WORK TO BE COMPLETED: In the entries below, find the line with "doc.units = 0" and the line with "msp = doc.modelspace()"; give again those lines and every line between them, exactly.

RECORDED INFORMATION:
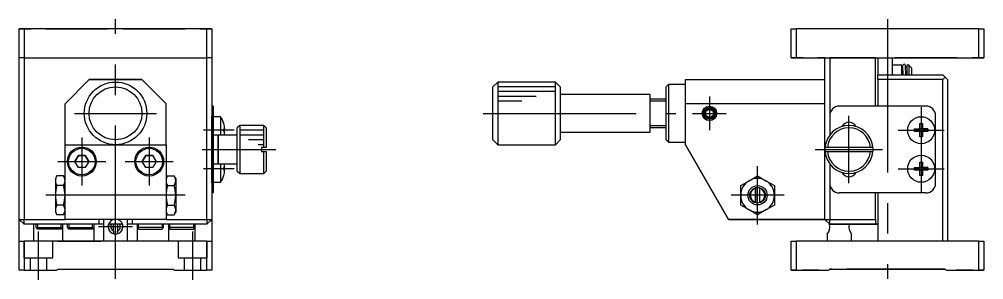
# Model space of a CAD drawing. Extents: x -159 to 313, y -113 to 143.
# Drawn here: x 112.6 to 313, y -17.5 to 36.5 of the extents above; entities that cross this region are included whole.
import ezdxf

# ---------------------------------------------------------------- set-up
doc = ezdxf.new("R2010")
doc.units = 0
doc.linetypes.add('CENTER', pattern=[50.8, 31.75, -6.35, 6.35, -6.35])
doc.linetypes.add('DASHED', pattern=[19.05, 12.7, -6.35])
doc.layers.get('0').update_dxf_attribs({"linetype": 'CONTINUOUS'})
doc.layers.add('CENTER', color=1, linetype='CENTER')

msp = doc.modelspace()

# ---------------------------------------------------------------- linework, layer by layer
at = {"color": 7, "linetype": 'CONTINUOUS'}
for p, q in [((113.586375, 34.5), (112.586375, 34.5)), ((112.586375, 34.5), (113.586375, 34.5)), ((112.586375, 28.5), (112.586375, 34.5)), ((151.586375, 34.5), (113.586375, 34.5)), ((113.586375, 34.5), (113.586375, 28.5)), ((115.08638, 34.5), (113.586375, 34.5)), ((115.08638, 34.5), (113.586375, 34.5)), ((113.586375, 34.5), (115.08638, 34.5)), ((118.08637, 34.5), (131.08638, 34.5)), ((119.586375, 34.5), (118.08637, 34.5)), ((119.586375, 34.5), (118.08637, 34.5)), ((128.586375, 34.5), (122.586375, 34.5)), ((128.586375, 34.5), (122.586375, 34.5)), ((134.08637, 34.5), (147.08638, 34.5)), ((142.586375, 34.5), (136.586375, 34.5)), ((142.586375, 34.5), (136.586375, 34.5)), ((147.08638, 34.5), (145.586375, 34.5)), ((147.08638, 34.5), (145.586375, 34.5)), ((151.586375, 34.5), (150.08637, 34.5)), ((151.586375, 34.5), (150.08637, 34.5)), ((150.08637, 34.5), (151.586375, 34.5)), ((151.586375, 28.5), (151.586375, 34.5)), ((152.586375, 34.5), (151.586375, 34.5)), ((151.586375, 34.5), (152.586375, 34.5)), ((152.586375, 34.5), (152.586375, 28.5)), ((273, 28.5), (273, 34.5)), ((273, 34.5), (274, 34.5)), ((312, 34.5), (274, 34.5)), ((274, 34.5), (274, 28.5)), ((312, 28.5), (312, 34.5)), ((312, 34.5), (313, 34.5)), ((313, 34.5), (313, 28.5)), ((112.586375, 12.000005), (112.586375, 28.5)), ((113.586375, 28.5), (112.586375, 28.5)), ((113.586375, 28.5), (113.586375, -5)), ((113.586375, 28.5), (151.586375, 28.5)), ((151.586375, -5), (151.586375, 28.5)), ((152.586375, 28.5), (151.586375, 28.5)), ((152.586375, 28.5), (152.586375, 16.5)), ((274, 28.5), (273, 28.5)), ((273, 28.5), (274, 28.5)), ((274, 28.5), (281, 28.5)), ((275.500005, 28.5), (274, 28.5)), ((280, 28.5), (278.499995, 28.5)), ((280, 9.5), (280, 28.5)), ((281, 28.5), (281, 16.5)), ((281, 28.5), (290.5, 28.5)), ((290.5, 28.5), (281, 28.5)), ((290.5, 28.5), (312, 28.5)), ((290.5, 18.5), (290.5, 28.5)), ((291, 28.5), (291, 25)), ((294, 28.5), (294, 26.799995)), ((307.500005, 28.5), (294.499995, 28.5)), ((312, 28.5), (310.499995, 28.5)), ((313, 28.5), (312, 28.5)), ((312, 28.5), (313, 28.5)), ((296, 27), (294, 27)), ((294, 26.799995), (294, 25)), ((296, 25), (296, 27)), ((296.161437, 26.5), (296, 26.5)), ((296.155097, 26.863229), (296.18762, 25)), ((296.787711, 25), (296.755006, 26.873701)), ((297, 26.5), (296.761529, 26.5)), ((297, 27), (297, 25)), ((297.5, 27), (297, 27)), ((297.5, 26.945683), (297.5, 27)), ((297.5, 25), (297.5, 26.945683)), ((297.5, 26.945683), (298, 26.416515)), ((298, 26.416515), (298, 25)), ((291, 25), (304.5, 25)), ((291, 24), (291, 25)), ((305, 24.5), (304.5, 25)), ((304.5, 24), (305, 24.5)), ((305, 24.5), (305.5, 24)), ((122.086375, 19), (127.086375, 24)), ((127.086375, 24), (122.086375, 19)), ((127.086375, 24), (138.086375, 24)), ((138.086375, 24), (127.086375, 24)), ((138.086375, 24), (143.086375, 19)), ((143.086375, 19), (138.086375, 24)), ((212, 23.5), (211, 22.5)), ((211, 11.5), (211, 22.5)), ((212, 23.5), (212, 10.5)), ((224, 23.5), (212, 23.5)), ((224, 22.5), (212, 22.5)), ((224, 10.5), (224, 23.5)), ((225, 22.5), (224, 23.5)), ((225, 22.5), (225, 11.5)), ((247.5, 23), (247, 22.5)), ((247, 11.5), (247, 22.5)), ((247.5, 23), (247.5, 11)), ((251, 23), (247.5, 23)), ((251, 24), (280, 24)), ((251, 19), (251, 24)), ((304.5, 24), (291, 24)), ((291, 24), (291, 18.5)), ((304.5, -9.5), (304.5, 24)), ((305.5, 24), (305.5, -9.5)), ((224, 21.5), (212, 21.5)), ((220, 20.5), (212, 20.5)), ((225, 21), (243.6, 21)), ((243.6, 21), (243.6, 13)), ((122.086375, 10.5), (122.086375, 19)), ((143.086375, 10.5), (143.086375, 19)), ((152.886375, 18.5), (152.586375, 18.5)), ((152.586375, 18.5), (152.886375, 18.5)), ((152.886375, 18.5), (152.886375, 16.5)), ((217, 19.5), (212, 19.5)), ((243.6, 20), (246.999981, 20)), ((251, 10.5), (251, 19)), ((280, 19), (251, 19)), ((301, 18.5), (283, 18.5)), ((152.586375, 16.5), (152.586375, 11)), ((152.586375, 2.5), (152.586375, 16.5)), ((152.886375, 16.5), (152.886375, 2.5)), ((154.428838, 16.3), (152.886375, 16.3)), ((154.428838, 16.3), (154.428838, 12.5)), ((256, 17.866025), (255.25, 17.433012)), ((255.25, 17.433012), (256, 17.866025)), ((255.25, 16.566987), (255.25, 17.433012)), ((256, 16.133974), (255.25, 16.566987)), ((256.75, 17.433012), (256, 17.866025)), ((256, 17.866025), (256.75, 17.433012)), ((256.75, 16.566987), (256, 16.133974)), ((256.75, 17.433012), (256.75, 16.566987)), ((281, 16.5), (281, 12.5)), ((303, 2.5), (303, 16.5)), ((155.07958, 14.899139), (155.085749, 14.902147)), ((158.386375, 14.5), (157.886375, 14)), ((158.386375, 14.5), (158.386375, 4.5)), ((163.386375, 14.5), (158.386375, 14.5)), ((163.386375, 9.9), (163.386375, 14.5)), ((163.886375, 14), (163.386375, 14.5)), ((299.74, 13.76), (299.74, 14.899139)), ((299.74, 14.899139), (300.26, 14.899139)), ((300.26, 14.899139), (300.26, 13.76)), ((153.886375, 12.5), (152.886375, 12.5)), ((153.886375, 12.5), (153.886375, 6.5)), ((153.886375, 6.5), (153.886375, 12.5)), ((157.886375, 12.5), (153.886375, 12.5)), ((155.07958, 13.24), (155.07958, 13.76)), ((155.07958, 13.76), (155.272837, 13.76)), ((155.272837, 13.24), (155.07958, 13.24)), ((157.886375, 5), (157.886375, 14)), ((163.386375, 13.5), (158.386375, 13.5)), ((163.386375, 12.5), (158.386375, 12.5)), ((163.886375, 14), (163.886375, 9.9)), ((243.6, 13), (225, 13)), ((246.999981, 14), (243.6, 14)), ((298.600861, 13.76), (299.670558, 13.76)), ((298.600861, 13.24), (298.600861, 13.76)), ((298.600861, 13.76), (299.74, 13.76)), ((299.74, 13.24), (298.600861, 13.24)), ((299.670558, 13.24), (299.670558, 13.76)), ((299.670558, 13.76), (299.74, 13.76)), ((299.74, 13.829442), (300.26, 13.829442)), ((299.74, 12.100861), (299.74, 13.24)), ((300.26, 13.170558), (299.74, 13.170558)), ((300.26, 12.100861), (299.74, 12.100861)), ((300.26, 13.76), (300.329442, 13.76)), ((300.26, 13.76), (301.399139, 13.76)), ((301.399139, 13.24), (300.26, 13.24)), ((300.26, 13.24), (300.26, 12.100861)), ((300.329442, 13.76), (300.329442, 13.24)), ((301.399139, 13.76), (300.329442, 13.76)), ((301.399139, 13.76), (301.399139, 13.24)), ((112.586375, 8.000005), (112.586375, 12.000005)), ((122.086375, 10.5), (132.586375, 10.5)), ((122.086375, -2), (122.086375, 10.5)), ((132.586375, 10.5), (143.086375, 10.5)), ((143.086375, 10.5), (143.086375, 2)), ((152.586375, 11), (152.586375, 2.5)), ((163.386375, 11.5), (160.236375, 11.5)), ((163.386375, 10.5), (162.236375, 10.5)), ((211, 11.5), (212, 10.5)), ((212, 10.5), (224, 10.5)), ((224, 10.5), (225, 11.5)), ((247, 11.5), (247.5, 11)), ((247.5, 11), (251, 11)), ((259.948929, -5), (251, 10.5)), ((251, 10.5), (259.948929, -5)), ((124.864688, 8.25), (124.143, 7)), ((124.143, 7), (124.864688, 8.25)), ((126.308063, 8.25), (124.864688, 8.25)), ((124.864688, 8.25), (126.308063, 8.25)), ((127.029751, 7), (126.308063, 8.25)), ((126.308063, 8.25), (127.029751, 7)), ((138.864688, 8.25), (138.143, 7)), ((138.143, 7), (138.864688, 8.25)), ((140.308063, 8.25), (138.864688, 8.25)), ((138.864688, 8.25), (140.308063, 8.25)), ((141.029751, 7), (140.308063, 8.25)), ((140.308063, 8.25), (141.029751, 7)), ((162.886375, 9.9), (162.886375, 9.1)), ((163.386375, 9.9), (162.886375, 9.9)), ((162.886375, 9.1), (163.386375, 9.1)), ((163.886375, 9.9), (163.386375, 9.9)), ((163.386375, 4.5), (163.386375, 9.1)), ((163.386375, 9.1), (163.886375, 9.1)), ((163.886375, 9.1), (163.886375, 5)), ((251.288675, 10), (254.752777, 4)), ((251.288675, 10), (254.752777, 4)), ((251.288675, 10), (254.752777, 4)), ((251.288675, 10), (254.752777, 4)), ((280, 5.5), (280, 9.5)), ((289.983974, 9.9), (280.016026, 9.9)), ((280.517813, 9.9), (280.016026, 9.9)), ((280.016026, 9.1), (280.517813, 9.1)), ((289.482187, 9.9), (280.517813, 9.9)), ((280.517813, 9.1), (289.482187, 9.1)), ((289.983974, 9.9), (289.482187, 9.9)), ((289.482187, 9.1), (289.983974, 9.1)), ((112.586375, 4.000005), (112.586375, 8.000005)), ((124.864688, 5.75), (124.143, 7)), ((127.029751, 7), (126.308063, 5.75)), ((138.864688, 5.75), (138.143, 7)), ((141.029751, 7), (140.308063, 5.75)), ((152.886375, 6.5), (153.886375, 6.5)), ((153.886375, 6.5), (157.886375, 6.5)), ((154.428838, 6.5), (154.428838, 2.7)), ((281, 6.5), (281, 2.5)), ((299.74, 5.76), (299.74, 6.899139)), ((299.74, 6.899139), (300.26, 6.899139)), ((300.26, 6.899139), (300.26, 5.76)), ((120.398983, 4.041452), (120.086375, 3.5)), ((121.773768, 4.041452), (120.398983, 4.041452)), ((122.086375, 3.5), (121.773768, 4.041452)), ((126.308063, 5.75), (124.864688, 5.75)), ((140.308063, 5.75), (138.864688, 5.75)), ((143.398983, 4.041452), (143.086375, 3.5)), ((143.398983, 4.041452), (144.773768, 4.041452)), ((145.086375, 3.5), (144.773768, 4.041452)), ((155.07958, 5.24), (155.07958, 5.76)), ((155.07958, 5.76), (155.272837, 5.76)), ((155.272837, 5.24), (155.07958, 5.24)), ((155.085749, 4.097852), (155.07958, 4.100861)), ((157.886375, 5), (158.386375, 4.5)), ((158.386375, 4.5), (163.386375, 4.5)), ((163.386375, 4.5), (163.886375, 5)), ((264.25, 3.031089), (266, 4.041452)), ((266, 4.041452), (267.75, 3.031089)), ((280, -5), (280, 5.5)), ((298.600861, 5.24), (298.600861, 5.76)), ((298.600861, 5.76), (299.670558, 5.76)), ((298.600861, 5.76), (299.74, 5.76)), ((299.74, 5.24), (298.600861, 5.24)), ((299.670558, 5.24), (299.670558, 5.76)), ((299.670558, 5.76), (299.74, 5.76)), ((299.74, 5.829442), (300.26, 5.829442)), ((299.74, 4.100861), (299.74, 5.24)), ((300.26, 5.170558), (299.74, 5.170558)), ((300.26, 4.100861), (299.74, 4.100861)), ((300.26, 5.76), (300.329442, 5.76)), ((300.26, 5.76), (301.399139, 5.76)), ((301.399139, 5.24), (300.26, 5.24)), ((300.26, 5.24), (300.26, 4.100861)), ((300.329442, 5.76), (300.329442, 5.24)), ((301.399139, 5.76), (300.329442, 5.76)), ((301.399139, 5.76), (301.399139, 5.24)), ((112.586375, -5), (112.586375, 4.000005)), ((120.086375, 3.5), (120.086375, 3.031089)), ((120.086375, 3.031089), (120.086375, 0)), ((121.773768, 2.020726), (120.398983, 2.020726)), ((143.398983, 2.020726), (144.773768, 2.020726)), ((145.086375, 3.5), (145.086375, 3.031089)), ((145.086375, 3.031089), (145.086375, 0)), ((152.586375, 2.5), (152.586375, -5)), ((152.886375, 2.7), (154.428838, 2.7)), ((152.886375, 2.5), (152.886375, 0.5)), ((262.5, 2.020726), (264.25, 3.031089)), ((262.5, 0), (262.5, 2.020726)), ((267.75, 3.031089), (269.5, 2.020726)), ((269.5, 2.020726), (269.5, 0)), ((281, 2.5), (281, -5)), ((120.086375, 0), (120.086375, -3.031089)), ((143.086375, 2), (143.086375, -2)), ((145.086375, 0), (145.086375, -3.031089)), ((152.886375, 0.5), (152.586375, 0.5)), ((262.5, -2.020726), (262.5, 0)), ((265.6, 1.570873), (265.6, -1.570873)), ((265.6, 1.445683), (265.6, 1.570873)), ((265.6, -1.445683), (265.6, 1.445683)), ((266.4, 1.570873), (266.4, 1.445683)), ((266.4, 1.445683), (266.4, -1.445683)), ((269.5, 0), (269.5, -2.020726)), ((301, 0.5), (283, 0.5)), ((290.5, 0.5), (283, 0.5)), ((290.5, -5), (290.5, 0.5)), ((291, 0.5), (290.5, 0.5)), ((301, 0.5), (291, 0.5)), ((291, 0.5), (291, -9.5)), ((122.086375, -5), (122.086375, -2)), ((143.086375, -2), (143.086375, -5)), ((265.6, -1.570873), (265.6, -1.445683)), ((266.4, -1.445683), (266.4, -1.570873)), ((120.086375, -3.031089), (120.086375, -3.5)), ((120.086375, -3.5), (120.398983, -4.041452)), ((121.773768, -2.020726), (120.398983, -2.020726)), ((121.773768, -4.041452), (122.086375, -3.5)), ((143.086375, -3.5), (143.398983, -4.041452)), ((143.398983, -2.020726), (144.773768, -2.020726)), ((144.773768, -4.041452), (145.086375, -3.5)), ((145.086375, -3.031089), (145.086375, -3.5)), ((264.25, -3.031089), (262.5, -2.020726)), ((266, -4.041452), (264.25, -3.031089)), ((267.75, -3.031089), (266, -4.041452)), ((269.5, -2.020726), (267.75, -3.031089)), ((112.586375, -5), (113.586375, -6)), ((112.586375, -5), (113.586375, -5)), ((112.586375, -9.5), (112.586375, -5)), ((113.586375, -5), (122.086375, -5)), ((113.586375, -6), (113.586375, -5)), ((129.086375, -6), (113.586375, -6)), ((115.586375, -9.5), (115.586375, -6)), ((116.086375, -6.7), (116.086375, -6)), ((116.386375, -6), (116.386375, -6.7)), ((121.773768, -4.041452), (120.398983, -4.041452)), ((121.286375, -6.7), (121.286375, -6)), ((121.586375, -6), (121.586375, -6.7)), ((143.086375, -5), (122.086375, -5)), ((122.586375, -6.7), (122.586375, -6)), ((122.886375, -6), (122.886375, -6.7)), ((127.786375, -6.7), (127.786375, -6)), ((128.086375, -6), (128.086375, -6.7)), ((129.086375, -5), (129.086375, -6)), ((130.086375, -6), (129.086375, -6)), ((130.086375, -5), (130.086375, -9.5)), ((134.053083, -6), (131.119554, -6)), ((132.186375, -7.416515), (132.186375, -6)), ((132.986375, -6), (132.986375, -7.416515)), ((135.086375, -9.5), (135.086375, -5)), ((136.086375, -6), (135.086375, -6)), ((136.086375, -6), (136.086375, -5)), ((151.586375, -6), (136.086375, -6)), ((137.086375, -6), (137.086375, -6.7)), ((137.386375, -6.7), (137.386375, -6)), ((142.286375, -6), (142.286375, -6.7)), ((142.586375, -6.7), (142.586375, -6)), ((143.086375, -5), (151.586375, -5)), ((143.398983, -4.041452), (144.773768, -4.041452)), ((143.586375, -6), (143.586375, -6.7)), ((143.886375, -6.7), (143.886375, -6)), ((148.786375, -6), (148.786375, -6.7)), ((149.086375, -6), (149.086375, -9.5)), ((151.586375, -5), (151.586375, -6)), ((151.586375, -6), (152.586375, -5)), ((151.586375, -5), (152.586375, -5)), ((152.586375, -5), (152.586375, -9.5)), ((280, -5), (259.948929, -5)), ((259.948929, -5), (280, -5)), ((280, -5), (261.5, -5)), ((261.5, -5), (280, -5)), ((281, -6), (280, -5)), ((280, -5), (281, -6)), ((280, -5), (281, -5)), ((281, -5), (290.5, -5)), ((281, -6), (281, -5)), ((290.5, -6), (281, -6)), ((281, -6), (287, -6)), ((285.024494, -6), (290.5, -6)), ((285.024494, -6), (287, -6)), ((290.5, -5), (290.5, -6)), ((290.5, -6), (291, -6)), ((291, -6), (290.5, -6)), ((116.236375, -6.85), (116.086375, -6.7)), ((116.236375, -6.85), (116.386375, -6.7)), ((116.386375, -7), (116.236375, -6.85)), ((116.386375, -6.7), (121.286375, -6.7)), ((121.286375, -7), (116.386375, -7)), ((121.286375, -6.7), (121.436375, -6.85)), ((121.436375, -6.85), (121.286375, -7)), ((121.586375, -6.7), (121.436375, -6.85)), ((121.586375, -6.7), (121.586375, -9.5)), ((122.736375, -6.85), (122.586375, -6.7)), ((122.736375, -6.85), (122.886375, -6.7)), ((122.886375, -7), (122.736375, -6.85)), ((122.886375, -6.7), (127.786375, -6.7)), ((127.786375, -7), (122.886375, -7)), ((127.786375, -6.7), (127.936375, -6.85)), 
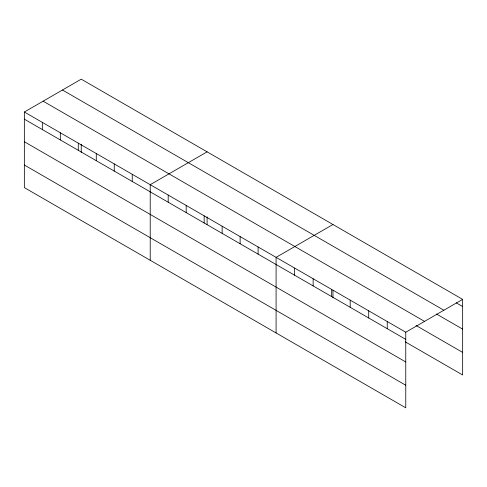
<?xml version="1.0" encoding="UTF-8"?>
<svg xmlns="http://www.w3.org/2000/svg" width="487" height="487" viewBox="0 0 487 487"><rect width="100%" height="100%" fill="white"/><g stroke="black" fill="none" stroke-linecap="round" stroke-linejoin="round"><path stroke-width="0.73" d="M24.35 112.016L405.768 332.225L405.768 407.826L24.35 187.617L24.35 112.016L81.232 79.174L462.65 299.383L462.65 374.984L405.154 341.795M207.097 151.847L150.221 184.683L150.221 260.283M332.968 224.513L276.086 257.355L276.086 332.956M405.768 332.225L462.65 299.383M456.264 302.853L462.65 306.542M62.458 90.01L443.882 310.225M436.455 314.005L462.65 329.127M43.118 101.174L424.542 321.39M416.014 325.474L462.65 352.399M24.35 119.169L405.768 339.384M24.35 141.754L405.768 361.969M24.35 165.026L405.768 385.241M387.244 321.53L387.244 328.682M368.72 310.834L368.72 317.987M350.19 300.138L350.19 307.291M332.968 290.325L332.968 297.855M331.665 289.442L331.665 296.595M313.141 278.747L313.141 285.899M294.617 268.051L294.617 275.204M258.104 246.97L258.104 254.129M240.128 236.591L240.128 243.75M222.145 226.205L222.145 233.364M207.097 216.904L207.097 224.434M204.163 215.826L204.163 222.985M186.18 205.447L186.18 212.6M168.198 195.062L168.198 202.221M132.239 174.303L132.239 181.456M114.256 163.918L114.256 171.077M96.274 153.539L96.274 160.698M81.232 144.237L81.232 152.516M78.291 143.16L78.291 150.313M60.315 132.774L60.315 139.933M42.332 122.395L42.332 129.554"/></g></svg>

EXPECTED ANSWER:
doc.units = 0
doc.linetypes.add('CENTER', pattern=[50.8, 31.75, -6.35, 6.35, -6.35])
doc.linetypes.add('DASHED', pattern=[19.05, 12.7, -6.35])
doc.layers.get('0').update_dxf_attribs({"linetype": 'CONTINUOUS'})
doc.layers.add('CENTER', color=1, linetype='CENTER')

msp = doc.modelspace()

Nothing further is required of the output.